Goal of the exercise:
When you reach the line containing "#9170 = VERTEX_POINT ( 'NONE', #64772 ) ;" in the data below, begin returning lines exactly as written, and stop once the line containing "#47326 = EDGE_CURVE" has been returned.

===== Supplied material

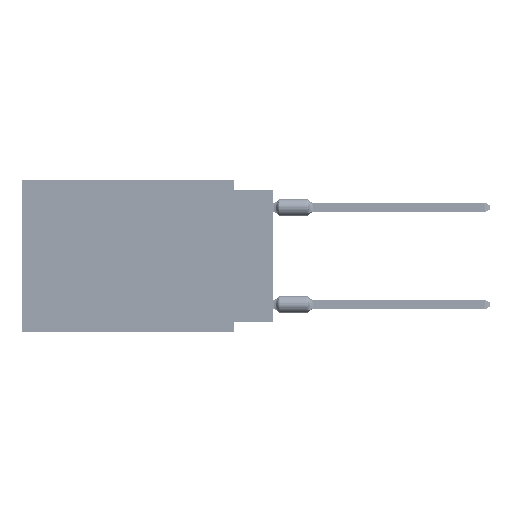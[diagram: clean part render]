
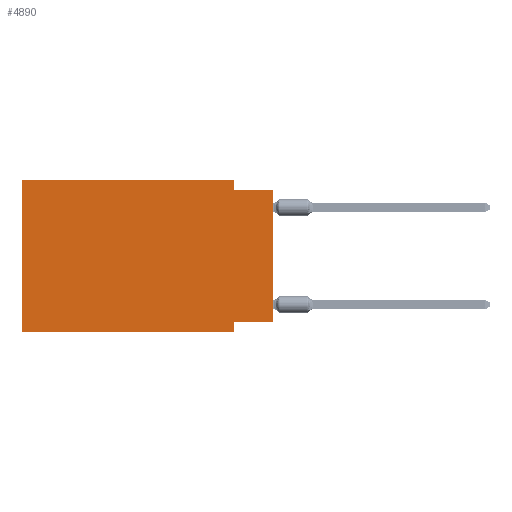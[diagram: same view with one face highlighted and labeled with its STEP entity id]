
A CAD part, left-side view. The second image highlights one B-rep face of the part: STEP entity #4890.
In plain terms, the highlighted planar face has unit normal (-1, 0, 0).
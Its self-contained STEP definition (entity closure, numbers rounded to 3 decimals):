
#1541 = CARTESIAN_POINT ( 'NONE',  ( 0., 2.54, 0. ) ) ;
#3694 = CARTESIAN_POINT ( 'NONE',  ( 0., 0., -9.271 ) ) ;
#4011 = EDGE_CURVE ( 'NONE', #73036, #9170, #19686, .T. ) ;
#4890 = ADVANCED_FACE ( 'NONE', ( #60173 ), #21541, .F. ) ;
#7892 = CARTESIAN_POINT ( 'NONE',  ( 0., 16.383, 0. ) ) ;
#8349 = CARTESIAN_POINT ( 'NONE',  ( 0., 0., 0. ) ) ;
#8694 = DIRECTION ( 'NONE',  ( 0., 0., -1. ) ) ;
#9170 = VERTEX_POINT ( 'NONE', #64772 ) ;
#11286 = CARTESIAN_POINT ( 'NONE',  ( 0., 0., -0.635 ) ) ;
#11437 = EDGE_CURVE ( 'NONE', #49357, #34377, #28725, .T. ) ;
#14482 = CARTESIAN_POINT ( 'NONE',  ( 0., 0., -9.271 ) ) ;
#15237 = CARTESIAN_POINT ( 'NONE',  ( 0., 16.383, 0. ) ) ;
#15415 = LINE ( 'NONE', #1541, #17500 ) ;
#17465 = ORIENTED_EDGE ( 'NONE', *, *, #47326, .F. ) ;
#17500 = VECTOR ( 'NONE', #8694, 1000. ) ;
#19686 = LINE ( 'NONE', #7892, #63370 ) ;
#20045 = VECTOR ( 'NONE', #45591, 1000. ) ;
#21541 = PLANE ( 'NONE',  #25872 ) ;
#24547 = DIRECTION ( 'NONE',  ( 0., -1., 0. ) ) ;
#24682 = DIRECTION ( 'NONE',  ( 0., -1., 0. ) ) ;
#25309 = ORIENTED_EDGE ( 'NONE', *, *, #34892, .F. ) ;
#25872 = AXIS2_PLACEMENT_3D ( 'NONE', #15237, #66484, #36202 ) ;
#25964 = DIRECTION ( 'NONE',  ( 0., 0., 1. ) ) ;
#26088 = EDGE_CURVE ( 'NONE', #26215, #34377, #59582, .T. ) ;
#26215 = VERTEX_POINT ( 'NONE', #3694 ) ;
#27334 = VERTEX_POINT ( 'NONE', #64254 ) ;
#28321 = CARTESIAN_POINT ( 'NONE',  ( 0., 0., -0.635 ) ) ;
#28725 = LINE ( 'NONE', #28321, #60211 ) ;
#29847 = ORIENTED_EDGE ( 'NONE', *, *, #51251, .F. ) ;
#30561 = LINE ( 'NONE', #62496, #65395 ) ;
#33457 = VERTEX_POINT ( 'NONE', #38034 ) ;
#34377 = VERTEX_POINT ( 'NONE', #11286 ) ;
#34863 = ORIENTED_EDGE ( 'NONE', *, *, #71595, .T. ) ;
#34892 = EDGE_CURVE ( 'NONE', #26215, #33457, #39682, .T. ) ;
#36202 = DIRECTION ( 'NONE',  ( 0., 0., -1. ) ) ;
#38021 = VECTOR ( 'NONE', #24547, 1000. ) ;
#38034 = CARTESIAN_POINT ( 'NONE',  ( 0., 2.54, -9.271 ) ) ;
#39682 = LINE ( 'NONE', #14482, #20045 ) ;
#43405 = LINE ( 'NONE', #64364, #57152 ) ;
#43461 = LINE ( 'NONE', #62770, #38021 ) ;
#43780 = ORIENTED_EDGE ( 'NONE', *, *, #60447, .F. ) ;
#45591 = DIRECTION ( 'NONE',  ( 0., 1., 0. ) ) ;
#47326 = EDGE_CURVE ( 'NONE', #9170, #79245, #30561, .T. ) ;
#48811 = ORIENTED_EDGE ( 'NONE', *, *, #11437, .F. ) ;
#49258 = EDGE_LOOP ( 'NONE', ( #49674, #48811, #43780, #17465, #49903, #34863, #29847, #25309 ) ) ;
#49357 = VERTEX_POINT ( 'NONE', #58756 ) ;
#49674 = ORIENTED_EDGE ( 'NONE', *, *, #26088, .T. ) ;
#49903 = ORIENTED_EDGE ( 'NONE', *, *, #4011, .F. ) ;
#51251 = EDGE_CURVE ( 'NONE', #33457, #27334, #43405, .T. ) ;
#57152 = VECTOR ( 'NONE', #63544, 1000. ) ;
#58756 = CARTESIAN_POINT ( 'NONE',  ( 0., 2.54, -0.635 ) ) ;
#59582 = LINE ( 'NONE', #8349, #67406 ) ;
#60173 = FACE_OUTER_BOUND ( 'NONE', #49258, .T. ) ;
#60211 = VECTOR ( 'NONE', #61894, 1000. ) ;
#60447 = EDGE_CURVE ( 'NONE', #79245, #49357, #15415, .T. ) ;
#61894 = DIRECTION ( 'NONE',  ( 0., -1., 0. ) ) ;
#62496 = CARTESIAN_POINT ( 'NONE',  ( 0., 16.383, 0. ) ) ;
#62770 = CARTESIAN_POINT ( 'NONE',  ( 0., 16.383, -9.906 ) ) ;
#63370 = VECTOR ( 'NONE', #25964, 1000. ) ;
#63544 = DIRECTION ( 'NONE',  ( 0., 0., -1. ) ) ;
#64254 = CARTESIAN_POINT ( 'NONE',  ( 0., 2.54, -9.906 ) ) ;
#64364 = CARTESIAN_POINT ( 'NONE',  ( 0., 2.54, -9.906 ) ) ;
#64772 = CARTESIAN_POINT ( 'NONE',  ( 0., 16.383, 0. ) ) ;
#65395 = VECTOR ( 'NONE', #24682, 1000. ) ;
#65462 = DIRECTION ( 'NONE',  ( 0., 0., 1. ) ) ;
#66484 = DIRECTION ( 'NONE',  ( 1., 0., 0. ) ) ;
#67406 = VECTOR ( 'NONE', #65462, 1000. ) ;
#71595 = EDGE_CURVE ( 'NONE', #73036, #27334, #43461, .T. ) ;
#72445 = CARTESIAN_POINT ( 'NONE',  ( 0., 16.383, -9.906 ) ) ;
#73036 = VERTEX_POINT ( 'NONE', #72445 ) ;
#76297 = CARTESIAN_POINT ( 'NONE',  ( 0., 2.54, 0. ) ) ;
#79245 = VERTEX_POINT ( 'NONE', #76297 ) ;
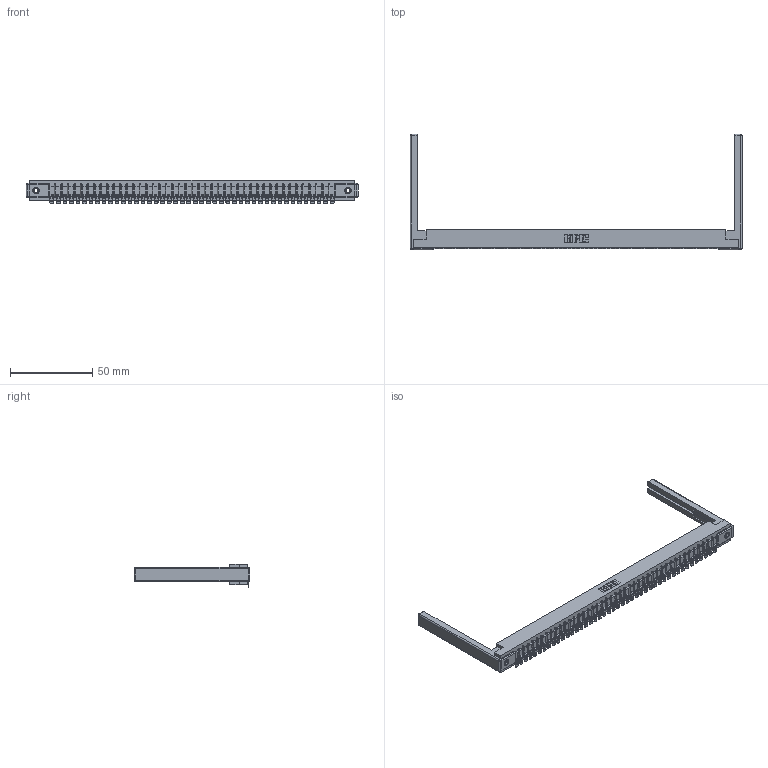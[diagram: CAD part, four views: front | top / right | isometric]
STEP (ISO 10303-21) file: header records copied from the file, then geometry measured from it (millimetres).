
FILE_DESCRIPTION (( 'STEP AP203' ), '1' );
FILE_NAME ('307-044-554-168.STEP', '2019-09-05T13:04:31', ( '' ), ( '' ), 'SwSTEP 2.0', 'SolidWorks 2016', '' );
FILE_SCHEMA (( 'CONFIG_CONTROL_DESIGN' ));
Length unit declared in the file: inch
Products named in the file (5): 307 Part_.156 Dia Mounting Holes; 345-250-001_345-250-001-102; 307-044-554-168; 307-220-068; 307-290-002_554
Assembly tree (49 placements, depth 2):
  307-044-554-168
    307 Part_.156 Dia Mounting Holes
    307-290-002_554  x44
    307-220-068  x2
    345-250-001_345-250-001-102  x2
Bounding box: 201.78 x 69.98 x 14.52 mm (x, y, z)
Volume: 26001.1 mm3; surface area: 31362.8 mm2
Topology: 49 solids, 49 shells, 3881 faces, 11845 edges, 7754 vertices
Faces by surface type: plane 2182, cylinder 1585, sphere 98, cone 12, torus 4
Entity records: 41198 total; most frequent: CARTESIAN_POINT 6915, ORIENTED_EDGE 6894, DIRECTION 6741, EDGE_CURVE 3447, LINE 2633, VECTOR 2633, VERTEX_POINT 2228, AXIS2_PLACEMENT_3D 2054
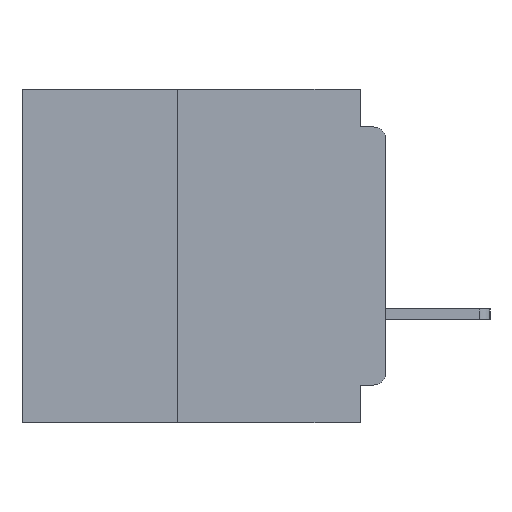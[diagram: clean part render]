
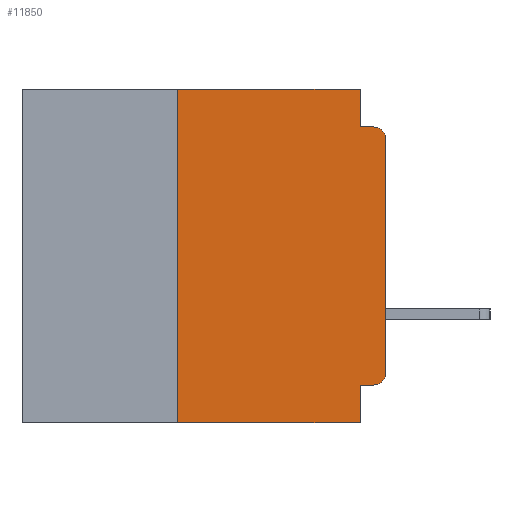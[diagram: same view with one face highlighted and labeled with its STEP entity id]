
A CAD part, left-side view. The second image highlights one B-rep face of the part: STEP entity #11850.
In plain terms, the highlighted planar face has unit normal (-1, 0, 0).
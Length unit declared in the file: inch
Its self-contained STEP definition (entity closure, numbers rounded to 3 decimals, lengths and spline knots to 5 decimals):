
#32 = VECTOR ( 'NONE', #34250, 39.37008 ) ;
#41 = CARTESIAN_POINT ( 'NONE',  ( 0., 0.437, 0. ) ) ;
#383 = DIRECTION ( 'NONE',  ( 0., 0., -1. ) ) ;
#433 = VERTEX_POINT ( 'NONE', #40961 ) ;
#736 = EDGE_CURVE ( 'NONE', #25147, #12345, #43091, .T. ) ;
#1377 = EDGE_LOOP ( 'NONE', ( #28310, #2341, #30145, #18759, #26206, #7082, #47447, #40973, #12693, #5500 ) ) ;
#2341 = ORIENTED_EDGE ( 'NONE', *, *, #9459, .T. ) ;
#3306 = CIRCLE ( 'NONE', #6647, 0.015 ) ;
#4044 = VECTOR ( 'NONE', #44713, 39.37008 ) ;
#4303 = DIRECTION ( 'NONE',  ( 0., -1., 0. ) ) ;
#4925 = VECTOR ( 'NONE', #40083, 39.37008 ) ;
#5267 = LINE ( 'NONE', #18670, #44999 ) ;
#5405 = VECTOR ( 'NONE', #37816, 39.37008 ) ;
#5500 = ORIENTED_EDGE ( 'NONE', *, *, #27744, .T. ) ;
#5739 = VECTOR ( 'NONE', #22894, 39.37008 ) ;
#5985 = EDGE_CURVE ( 'NONE', #11519, #45695, #8101, .T. ) ;
#6647 = AXIS2_PLACEMENT_3D ( 'NONE', #20759, #47626, #24618 ) ;
#7082 = ORIENTED_EDGE ( 'NONE', *, *, #8344, .F. ) ;
#8076 = LINE ( 'NONE', #41057, #37655 ) ;
#8101 = LINE ( 'NONE', #11877, #46647 ) ;
#8344 = EDGE_CURVE ( 'NONE', #22785, #11519, #14270, .T. ) ;
#9459 = EDGE_CURVE ( 'NONE', #12345, #30606, #3306, .T. ) ;
#11501 = LINE ( 'NONE', #14992, #32 ) ;
#11519 = VERTEX_POINT ( 'NONE', #36823 ) ;
#11850 = ADVANCED_FACE ( 'NONE', ( #22416 ), #46502, .F. ) ;
#11877 = CARTESIAN_POINT ( 'NONE',  ( 0., 0.437, 0. ) ) ;
#12345 = VERTEX_POINT ( 'NONE', #37923 ) ;
#12693 = ORIENTED_EDGE ( 'NONE', *, *, #22548, .F. ) ;
#13370 = VERTEX_POINT ( 'NONE', #32748 ) ;
#13739 = CIRCLE ( 'NONE', #37984, 0.015 ) ;
#13945 = LINE ( 'NONE', #47617, #4925 ) ;
#14109 = CARTESIAN_POINT ( 'NONE',  ( 0., 0.015, -0.355 ) ) ;
#14270 = LINE ( 'NONE', #17825, #4044 ) ;
#14992 = CARTESIAN_POINT ( 'NONE',  ( 0., 0., -0.045 ) ) ;
#15200 = AXIS2_PLACEMENT_3D ( 'NONE', #41, #23479, #383 ) ;
#17825 = CARTESIAN_POINT ( 'NONE',  ( 0., 0.25, -0.4 ) ) ;
#18670 = CARTESIAN_POINT ( 'NONE',  ( 0., 0.031, 0. ) ) ;
#18759 = ORIENTED_EDGE ( 'NONE', *, *, #23807, .F. ) ;
#20464 = CARTESIAN_POINT ( 'NONE',  ( 0., 0.015, -0.34 ) ) ;
#20759 = CARTESIAN_POINT ( 'NONE',  ( 0., 0.015, -0.06 ) ) ;
#22416 = FACE_OUTER_BOUND ( 'NONE', #1377, .T. ) ;
#22548 = EDGE_CURVE ( 'NONE', #43185, #433, #24695, .T. ) ;
#22785 = VERTEX_POINT ( 'NONE', #39295 ) ;
#22894 = DIRECTION ( 'NONE',  ( 0., 0., 1. ) ) ;
#23479 = DIRECTION ( 'NONE',  ( 1., 0., 0. ) ) ;
#23807 = EDGE_CURVE ( 'NONE', #45695, #13370, #5267, .T. ) ;
#24315 = DIRECTION ( 'NONE',  ( 0., 0., -1. ) ) ;
#24618 = DIRECTION ( 'NONE',  ( 0., 0., -1. ) ) ;
#24695 = LINE ( 'NONE', #26377, #5405 ) ;
#25147 = VERTEX_POINT ( 'NONE', #26978 ) ;
#26206 = ORIENTED_EDGE ( 'NONE', *, *, #5985, .F. ) ;
#26377 = CARTESIAN_POINT ( 'NONE',  ( 0., 0., -0.355 ) ) ;
#26978 = CARTESIAN_POINT ( 'NONE',  ( 0., 0., -0.34 ) ) ;
#27714 = CARTESIAN_POINT ( 'NONE',  ( 0., 0.015, -0.045 ) ) ;
#27744 = EDGE_CURVE ( 'NONE', #43185, #25147, #13739, .T. ) ;
#28310 = ORIENTED_EDGE ( 'NONE', *, *, #736, .T. ) ;
#28522 = CARTESIAN_POINT ( 'NONE',  ( 0., 0., 0. ) ) ;
#30145 = ORIENTED_EDGE ( 'NONE', *, *, #35126, .F. ) ;
#30606 = VERTEX_POINT ( 'NONE', #27714 ) ;
#32748 = CARTESIAN_POINT ( 'NONE',  ( 0., 0.031, -0.045 ) ) ;
#34034 = DIRECTION ( 'NONE',  ( 0., 0., -1. ) ) ;
#34250 = DIRECTION ( 'NONE',  ( 0., -1., 0. ) ) ;
#35126 = EDGE_CURVE ( 'NONE', #13370, #30606, #11501, .T. ) ;
#36823 = CARTESIAN_POINT ( 'NONE',  ( 0., 0.25, 0. ) ) ;
#37655 = VECTOR ( 'NONE', #48734, 39.37008 ) ;
#37816 = DIRECTION ( 'NONE',  ( 0., 1., 0. ) ) ;
#37923 = CARTESIAN_POINT ( 'NONE',  ( 0., 0., -0.06 ) ) ;
#37984 = AXIS2_PLACEMENT_3D ( 'NONE', #20464, #47327, #24315 ) ;
#38186 = CARTESIAN_POINT ( 'NONE',  ( 0., 0.031, 0. ) ) ;
#39295 = CARTESIAN_POINT ( 'NONE',  ( 0., 0.25, -0.4 ) ) ;
#40083 = DIRECTION ( 'NONE',  ( 0., -1., 0. ) ) ;
#40961 = CARTESIAN_POINT ( 'NONE',  ( 0., 0.031, -0.355 ) ) ;
#40973 = ORIENTED_EDGE ( 'NONE', *, *, #43193, .F. ) ;
#41057 = CARTESIAN_POINT ( 'NONE',  ( 0., 0.031, -0.4 ) ) ;
#41306 = VERTEX_POINT ( 'NONE', #47747 ) ;
#43091 = LINE ( 'NONE', #28522, #5739 ) ;
#43185 = VERTEX_POINT ( 'NONE', #14109 ) ;
#43193 = EDGE_CURVE ( 'NONE', #433, #41306, #8076, .T. ) ;
#44713 = DIRECTION ( 'NONE',  ( 0., 0., 1. ) ) ;
#44999 = VECTOR ( 'NONE', #34034, 39.37008 ) ;
#45695 = VERTEX_POINT ( 'NONE', #38186 ) ;
#46502 = PLANE ( 'NONE',  #15200 ) ;
#46647 = VECTOR ( 'NONE', #4303, 39.37008 ) ;
#47327 = DIRECTION ( 'NONE',  ( -1., 0., 0. ) ) ;
#47447 = ORIENTED_EDGE ( 'NONE', *, *, #49079, .T. ) ;
#47617 = CARTESIAN_POINT ( 'NONE',  ( 0., 0.437, -0.4 ) ) ;
#47626 = DIRECTION ( 'NONE',  ( -1., 0., 0. ) ) ;
#47747 = CARTESIAN_POINT ( 'NONE',  ( 0., 0.031, -0.4 ) ) ;
#48734 = DIRECTION ( 'NONE',  ( 0., 0., -1. ) ) ;
#49079 = EDGE_CURVE ( 'NONE', #22785, #41306, #13945, .T. ) ;

==========

Task answer:
#9170 = VERTEX_POINT ( 'NONE', #64772 ) ;
#11286 = CARTESIAN_POINT ( 'NONE',  ( 0., 0., -0.635 ) ) ;
#11437 = EDGE_CURVE ( 'NONE', #49357, #34377, #28725, .T. ) ;
#14482 = CARTESIAN_POINT ( 'NONE',  ( 0., 0., -9.271 ) ) ;
#15237 = CARTESIAN_POINT ( 'NONE',  ( 0., 16.383, 0. ) ) ;
#15415 = LINE ( 'NONE', #1541, #17500 ) ;
#17465 = ORIENTED_EDGE ( 'NONE', *, *, #47326, .F. ) ;
#17500 = VECTOR ( 'NONE', #8694, 1000. ) ;
#19686 = LINE ( 'NONE', #7892, #63370 ) ;
#20045 = VECTOR ( 'NONE', #45591, 1000. ) ;
#21541 = PLANE ( 'NONE',  #25872 ) ;
#24547 = DIRECTION ( 'NONE',  ( 0., -1., 0. ) ) ;
#24682 = DIRECTION ( 'NONE',  ( 0., -1., 0. ) ) ;
#25309 = ORIENTED_EDGE ( 'NONE', *, *, #34892, .F. ) ;
#25872 = AXIS2_PLACEMENT_3D ( 'NONE', #15237, #66484, #36202 ) ;
#25964 = DIRECTION ( 'NONE',  ( 0., 0., 1. ) ) ;
#26088 = EDGE_CURVE ( 'NONE', #26215, #34377, #59582, .T. ) ;
#26215 = VERTEX_POINT ( 'NONE', #3694 ) ;
#27334 = VERTEX_POINT ( 'NONE', #64254 ) ;
#28321 = CARTESIAN_POINT ( 'NONE',  ( 0., 0., -0.635 ) ) ;
#28725 = LINE ( 'NONE', #28321, #60211 ) ;
#29847 = ORIENTED_EDGE ( 'NONE', *, *, #51251, .F. ) ;
#30561 = LINE ( 'NONE', #62496, #65395 ) ;
#33457 = VERTEX_POINT ( 'NONE', #38034 ) ;
#34377 = VERTEX_POINT ( 'NONE', #11286 ) ;
#34863 = ORIENTED_EDGE ( 'NONE', *, *, #71595, .T. ) ;
#34892 = EDGE_CURVE ( 'NONE', #26215, #33457, #39682, .T. ) ;
#36202 = DIRECTION ( 'NONE',  ( 0., 0., -1. ) ) ;
#38021 = VECTOR ( 'NONE', #24547, 1000. ) ;
#38034 = CARTESIAN_POINT ( 'NONE',  ( 0., 2.54, -9.271 ) ) ;
#39682 = LINE ( 'NONE', #14482, #20045 ) ;
#43405 = LINE ( 'NONE', #64364, #57152 ) ;
#43461 = LINE ( 'NONE', #62770, #38021 ) ;
#43780 = ORIENTED_EDGE ( 'NONE', *, *, #60447, .F. ) ;
#45591 = DIRECTION ( 'NONE',  ( 0., 1., 0. ) ) ;
#47326 = EDGE_CURVE ( 'NONE', #9170, #79245, #30561, .T. ) ;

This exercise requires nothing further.